I thank the Opposition spokesperson for his questions. I am grateful that he is supporting us. He agrees that the SIs represent an important step in ensuring that our approach for the regulation of financial services is effective and proportionate. We feel that these are sensible, technical reforms. The Treasury undertook detailed work with the PRA after the independent review, which the hon. Gentleman mentioned, released its final report in 2022, consulting on a draft package of measures in 2023 and refined those proposals in line with feedback.

It is recognised that the ringfencing regime was originally designed so that the threshold would need to be adjusted over time to reflect the evolution of banking practices and growth in the deposit base. The Treasury considered several metrics as well as financial stability and competition considerations in proposing the £10 billion increase. Increasing the deposit threshold will provide smaller banks with more headroom to grow before being subject to the requirements and costs of ringfencing. We feel that will support domestic competition in retail banking markets. A competitive and dynamic market will improve outcomes for depositors. The reform may encourage inward investment in the UK as new entrants to the UK banking market will have more room to develop economies of scale before being subject to the regime.

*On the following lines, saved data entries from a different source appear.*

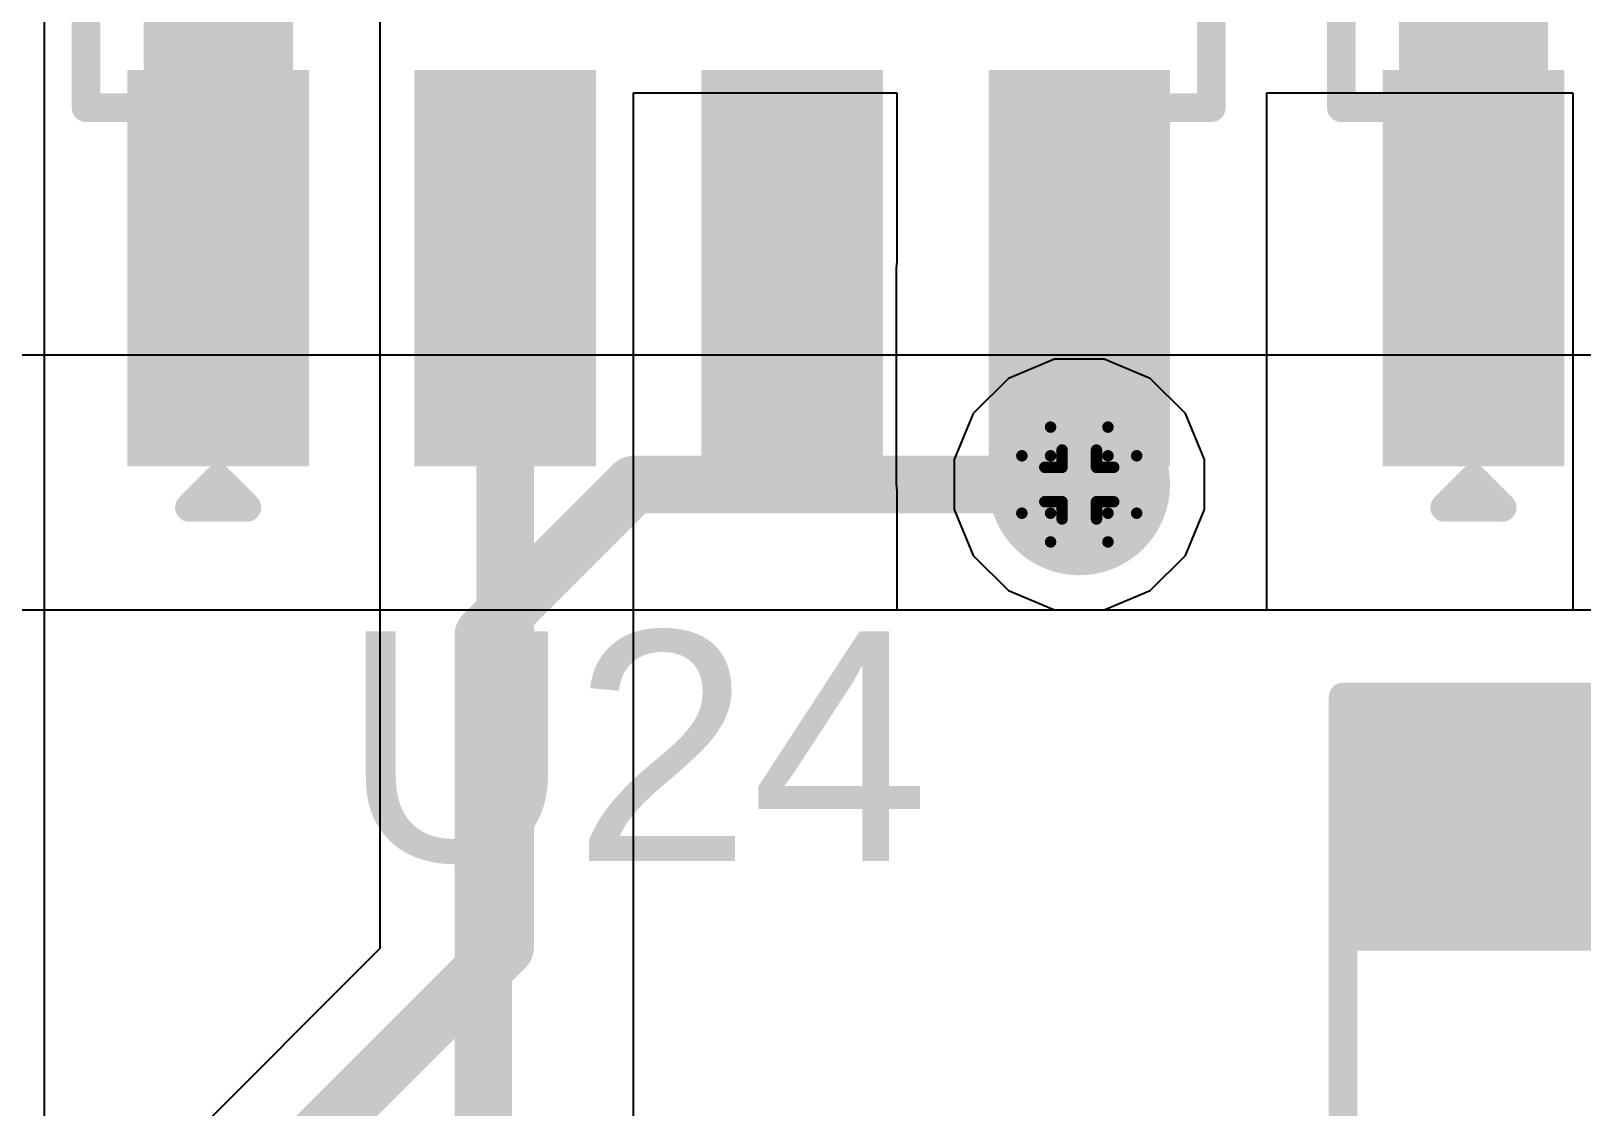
# Model space of a CAD drawing. Header units: inches. Extents: x -4 to 5258, y -4 to 5281.
# Drawn here: x 95.98 to 102.84, y 78.63 to 83.39 of the extents above; entities that cross this region are included whole.
import ezdxf

# ---------------------------------------------------------------- set-up
doc = ezdxf.new("R2010")
doc.units = ezdxf.units.IN
for name, color, linetype in [('Bottom Layer', 5, 'Continuous'), ('Bottom Solder', 6, 'Continuous'), ('Drill Drawing', 1, 'Continuous'), ('Layer 1', 16, 'Continuous'), ('Layer 2', 76, 'Continuous'), ('Top Layer', 1, 'Continuous'), ('Top Overlay', 2, 'Continuous'), ('Top Paste', 8, 'Continuous'), ('Top Solder', 216, 'Continuous'), ('Via Holes', 16, 'Continuous')]:
    doc.layers.add(name, color=color, linetype=linetype)
doc.styles.add('Arial', font='', dxfattribs={"height": 0.2})
doc.styles.get('Arial').set_extended_font_data('Arial')

# ---------------------------------------------------------------- blocks, each defined once
blk = doc.blocks.new('SOIC_8_7')
at = {"layer": 'Top Layer'}
for points in [[(-1.925, 2.205), (-1.925, 1.605), (-3.475, 1.605), (-3.475, 2.205)], [(3.475, 2.205), (3.475, 1.605), (1.925, 1.605), (1.925, 2.205)], [(-1.925, 0.935), (-1.925, 0.335), (-3.475, 0.335), (-3.475, 0.935)], [(3.475, 0.935), (3.475, 0.335), (1.925, 0.335), (1.925, 0.935)], [(-1.925, -0.335), (-1.925, -0.935), (-3.475, -0.935), (-3.475, -0.335)], [(3.475, -0.335), (3.475, -0.935), (1.925, -0.935), (1.925, -0.335)], [(-1.925, -1.605), (-1.925, -2.205), (-3.475, -2.205), (-3.475, -1.605)], [(3.475, -1.605), (3.475, -2.205), (1.925, -2.205), (1.925, -1.605)]]:
    blk.add_hatch(color=1, dxfattribs=at).paths.add_polyline_path(points)
at = {"layer": 'Top Overlay'}
blk.add_hatch(color=2, dxfattribs=at).paths.add_polyline_path([(-1.8268, 1.5748), (-1.4966, 1.5748), (-1.4966, 2.2352), (-1.8268, 2.2352)])
at = {"layer": 'Top Paste'}
for points in [[(-1.925, 2.205), (-1.925, 1.605), (-3.475, 1.605), (-3.475, 2.205)], [(3.475, 2.205), (3.475, 1.605), (1.925, 1.605), (1.925, 2.205)], [(-1.925, 0.935), (-1.925, 0.335), (-3.475, 0.335), (-3.475, 0.935)], [(3.475, 0.935), (3.475, 0.335), (1.925, 0.335), (1.925, 0.935)], [(-1.925, -0.335), (-1.925, -0.935), (-3.475, -0.935), (-3.475, -0.335)], [(3.475, -0.335), (3.475, -0.935), (1.925, -0.935), (1.925, -0.335)], [(-1.925, -1.605), (-1.925, -2.205), (-3.475, -2.205), (-3.475, -1.605)], [(3.475, -1.605), (3.475, -2.205), (1.925, -2.205), (1.925, -1.605)]]:
    blk.add_hatch(color=8, dxfattribs=at).paths.add_polyline_path(points)
at = {"layer": 'Top Solder'}
for points in [[(-1.8234, 2.3066), (-1.8234, 1.5034), (-3.5766, 1.5034), (-3.5766, 2.3066)], [(3.5766, 2.3066), (3.5766, 1.5034), (1.8234, 1.5034), (1.8234, 2.3066)], [(-1.8234, 1.0366), (-1.8234, 0.2334), (-3.5766, 0.2334), (-3.5766, 1.0366)], [(3.5766, 1.0366), (3.5766, 0.2334), (1.8234, 0.2334), (1.8234, 1.0366)], [(-1.8234, -0.2334), (-1.8234, -1.0366), (-3.5766, -1.0366), (-3.5766, -0.2334)], [(3.5766, -0.2334), (3.5766, -1.0366), (1.8234, -1.0366), (1.8234, -0.2334)], [(-1.8234, -1.5034), (-1.8234, -2.3066), (-3.5766, -2.3066), (-3.5766, -1.5034)], [(3.5766, -1.5034), (3.5766, -2.3066), (1.8234, -2.3066), (1.8234, -1.5034)]]:
    blk.add_hatch(color=216, dxfattribs=at).paths.add_polyline_path(points)
at = {"layer": 'Top Overlay'}
for points in [[(1.9906, 2.4892, 0.127, 0.127, 0), (-1.9906, 2.4892, 0.127, 0.127, 0)], [(-1.9906, 2.4892, 0.127, 0.127, 0), (-1.9906, 2.3114, 0.127, 0.127, 0)], [(1.9906, 2.4892, 0.127, 0.127, 0), (1.9906, 2.3114, 0.127, 0.127, 0)], [(-3.7592, 2.032, 0.127, 0.127, 0), (-3.7592, 1.778, 0.127, 0.127, 0)], [(-3.7592, 2.032, 0.127, 0.127, 0), (-3.6322, 1.905, 0.127, 0.127, 0)], [(-3.6322, 1.905, 0.127, 0.127, 0), (-3.7592, 1.778, 0.127, 0.127, 0)], [(-1.9906, -2.3114, 0.127, 0.127, 0), (-1.9906, -2.4892, 0.127, 0.127, 0)], [(1.9906, -2.3114, 0.127, 0.127, 0), (1.9906, -2.4892, 0.127, 0.127, 0)], [(-1.9906, -2.4892, 0.127, 0.127, 0), (1.9906, -2.4892, 0.127, 0.127, 0)]]:
    blk.add_lwpolyline(points, format="xyseb", dxfattribs=at)
for points in [[(-2.0223, 2.4892, 0.0635, 0.0635, 1), (-1.9588, 2.4892, 0.0635, 0.0635, 1)], [(-2.0223, 2.4892, 0.0635, 0.0635, 1), (-1.9588, 2.4892, 0.0635, 0.0635, 1)], [(1.9589, 2.4892, 0.0635, 0.0635, 1), (2.0224, 2.4892, 0.0635, 0.0635, 1)], [(1.9589, 2.4892, 0.0635, 0.0635, 1), (2.0224, 2.4892, 0.0635, 0.0635, 1)], [(-2.0223, 2.3114, 0.0635, 0.0635, 1), (-1.9588, 2.3114, 0.0635, 0.0635, 1)], [(1.9588, 2.3114, 0.0635, 0.0635, 1), (2.0223, 2.3114, 0.0635, 0.0635, 1)], [(-3.791, 2.032, 0.0635, 0.0635, 1), (-3.7275, 2.032, 0.0635, 0.0635, 1)], [(-3.791, 2.032, 0.0635, 0.0635, 1), (-3.7275, 2.032, 0.0635, 0.0635, 1)], [(-3.6639, 1.905, 0.0635, 0.0635, 1), (-3.6004, 1.905, 0.0635, 0.0635, 1)], [(-3.6639, 1.905, 0.0635, 0.0635, 1), (-3.6004, 1.905, 0.0635, 0.0635, 1)], [(-3.791, 1.778, 0.0635, 0.0635, 1), (-3.7275, 1.778, 0.0635, 0.0635, 1)], [(-3.791, 1.778, 0.0635, 0.0635, 1), (-3.7275, 1.778, 0.0635, 0.0635, 1)], [(-2.0223, -2.3114, 0.0635, 0.0635, 1), (-1.9588, -2.3114, 0.0635, 0.0635, 1)], [(1.9588, -2.3114, 0.0635, 0.0635, 1), (2.0223, -2.3114, 0.0635, 0.0635, 1)], [(-2.0223, -2.4892, 0.0635, 0.0635, 1), (-1.9588, -2.4892, 0.0635, 0.0635, 1)], [(-2.0223, -2.4892, 0.0635, 0.0635, 1), (-1.9588, -2.4892, 0.0635, 0.0635, 1)], [(1.9589, -2.4892, 0.0635, 0.0635, 1), (2.0224, -2.4892, 0.0635, 0.0635, 1)], [(1.9589, -2.4892, 0.0635, 0.0635, 1), (2.0224, -2.4892, 0.0635, 0.0635, 1)]]:
    blk.add_lwpolyline(points, format="xyseb", close=True, dxfattribs=at)
blk = doc.blocks.new('SOIC_8_9')
at = {"layer": 'Top Layer'}
for points in [[(-1.925, 2.205), (-1.925, 1.605), (-3.475, 1.605), (-3.475, 2.205)], [(3.475, 2.205), (3.475, 1.605), (1.925, 1.605), (1.925, 2.205)], [(-1.925, 0.935), (-1.925, 0.335), (-3.475, 0.335), (-3.475, 0.935)], [(3.475, 0.935), (3.475, 0.335), (1.925, 0.335), (1.925, 0.935)], [(-1.925, -0.335), (-1.925, -0.935), (-3.475, -0.935), (-3.475, -0.335)], [(3.475, -0.335), (3.475, -0.935), (1.925, -0.935), (1.925, -0.335)], [(-1.925, -1.605), (-1.925, -2.205), (-3.475, -2.205), (-3.475, -1.605)], [(3.475, -1.605), (3.475, -2.205), (1.925, -2.205), (1.925, -1.605)]]:
    blk.add_hatch(color=1, dxfattribs=at).paths.add_polyline_path(points)
at = {"layer": 'Top Overlay'}
blk.add_hatch(color=2, dxfattribs=at).paths.add_polyline_path([(-1.8288, 1.5739), (-1.4986, 1.5739), (-1.4986, 2.2343), (-1.8288, 2.2343)])
at = {"layer": 'Top Paste'}
for points in [[(-1.925, 2.205), (-1.925, 1.605), (-3.475, 1.605), (-3.475, 2.205)], [(3.475, 2.205), (3.475, 1.605), (1.925, 1.605), (1.925, 2.205)], [(-1.925, 0.935), (-1.925, 0.335), (-3.475, 0.335), (-3.475, 0.935)], [(3.475, 0.935), (3.475, 0.335), (1.925, 0.335), (1.925, 0.935)], [(-1.925, -0.335), (-1.925, -0.935), (-3.475, -0.935), (-3.475, -0.335)], [(3.475, -0.335), (3.475, -0.935), (1.925, -0.935), (1.925, -0.335)], [(-1.925, -1.605), (-1.925, -2.205), (-3.475, -2.205), (-3.475, -1.605)], [(3.475, -1.605), (3.475, -2.205), (1.925, -2.205), (1.925, -1.605)]]:
    blk.add_hatch(color=8, dxfattribs=at).paths.add_polyline_path(points)
at = {"layer": 'Top Solder'}
for points in [[(-1.8234, 2.3066), (-1.8234, 1.5034), (-3.5766, 1.5034), (-3.5766, 2.3066)], [(3.5766, 2.3066), (3.5766, 1.5034), (1.8234, 1.5034), (1.8234, 2.3066)], [(-1.8234, 1.0366), (-1.8234, 0.2334), (-3.5766, 0.2334), (-3.5766, 1.0366)], [(3.5766, 1.0366), (3.5766, 0.2334), (1.8234, 0.2334), (1.8234, 1.0366)], [(-1.8234, -0.2334), (-1.8234, -1.0366), (-3.5766, -1.0366), (-3.5766, -0.2334)], [(3.5766, -0.2334), (3.5766, -1.0366), (1.8234, -1.0366), (1.8234, -0.2334)], [(-1.8234, -1.5034), (-1.8234, -2.3066), (-3.5766, -2.3066), (-3.5766, -1.5034)], [(3.5766, -1.5034), (3.5766, -2.3066), (1.8234, -2.3066), (1.8234, -1.5034)]]:
    blk.add_hatch(color=216, dxfattribs=at).paths.add_polyline_path(points)
at = {"layer": 'Top Overlay'}
for points in [[(-1.9906, 2.4892, 0.127, 0.127, 0), (1.9906, 2.4892, 0.127, 0.127, 0)], [(-1.9906, 2.4892, 0.127, 0.127, 0), (-1.9906, 2.3114, 0.127, 0.127, 0)], [(1.9906, 2.4892, 0.127, 0.127, 0), (1.9906, 2.3114, 0.127, 0.127, 0)], [(-3.7592, 2.032, 0.127, 0.127, 0), (-3.7592, 1.778, 0.127, 0.127, 0)], [(-3.7592, 2.032, 0.127, 0.127, 0), (-3.6322, 1.905, 0.127, 0.127, 0)], [(-3.6322, 1.905, 0.127, 0.127, 0), (-3.7592, 1.778, 0.127, 0.127, 0)], [(-1.9906, -2.3114, 0.127, 0.127, 0), (-1.9906, -2.4892, 0.127, 0.127, 0)], [(1.9906, -2.3114, 0.127, 0.127, 0), (1.9906, -2.4892, 0.127, 0.127, 0)], [(-1.9906, -2.4892, 0.127, 0.127, 0), (1.9906, -2.4892, 0.127, 0.127, 0)]]:
    blk.add_lwpolyline(points, format="xyseb", dxfattribs=at)
for points in [[(-2.0223, 2.4892, 0.0635, 0.0635, 1), (-1.9588, 2.4892, 0.0635, 0.0635, 1)], [(-2.0223, 2.4892, 0.0635, 0.0635, 1), (-1.9588, 2.4892, 0.0635, 0.0635, 1)], [(1.9588, 2.4892, 0.0635, 0.0635, 1), (2.0223, 2.4892, 0.0635, 0.0635, 1)], [(1.9588, 2.4892, 0.0635, 0.0635, 1), (2.0223, 2.4892, 0.0635, 0.0635, 1)], [(-2.0223, 2.3114, 0.0635, 0.0635, 1), (-1.9588, 2.3114, 0.0635, 0.0635, 1)], [(1.9588, 2.3114, 0.0635, 0.0635, 1), (2.0223, 2.3114, 0.0635, 0.0635, 1)], [(-3.791, 2.032, 0.0635, 0.0635, 1), (-3.7275, 2.032, 0.0635, 0.0635, 1)], [(-3.791, 2.032, 0.0635, 0.0635, 1), (-3.7275, 2.032, 0.0635, 0.0635, 1)], [(-3.6639, 1.905, 0.0635, 0.0635, 1), (-3.6004, 1.905, 0.0635, 0.0635, 1)], [(-3.6639, 1.905, 0.0635, 0.0635, 1), (-3.6004, 1.905, 0.0635, 0.0635, 1)], [(-3.791, 1.778, 0.0635, 0.0635, 1), (-3.7275, 1.778, 0.0635, 0.0635, 1)], [(-3.791, 1.778, 0.0635, 0.0635, 1), (-3.7275, 1.778, 0.0635, 0.0635, 1)], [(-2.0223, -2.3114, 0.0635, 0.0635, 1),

While the independent review, which the hon. Gentleman mentioned, did not suggest that uprating was necessary to maintain the policy aims of the current ringfence, the Government have recognised that the threshold acts as a barrier to the growth of smaller players in the market, dampening competition for retail customers. His points are valid, and we will be looking at them, but there are no plans at this point to change the threshold in the way he mentioned.

On the hon. Gentleman’s points about name-and-shame proposals, I am very pleased to hear that he has been reading my interviews in detail. I have raised those proposals several times with the FCA and welcome the fact that it has listened to industry feedback on them. It has taken some steps to address some of the concerns raised by industry, which he will know about. I have been clear with the FCA that effective, proportionate regulation is key to our aims, and that it needs to deliver the Government’s mission to drive inclusive growth.

As the hon. Gentleman knows, the FCA is operationally independent but accountable to Government and Parliament. I am engaging closely with the FCA on name-and-shame proposals and will make sure that any potential impacts on international competitiveness and growth are properly considered. That is not to dismiss the concerns about those proposals from industry, which I have heard first hand. The subject comes up repeatedly in my meetings with the FCA. I hope that reassures the hon. Gentleman a little bit.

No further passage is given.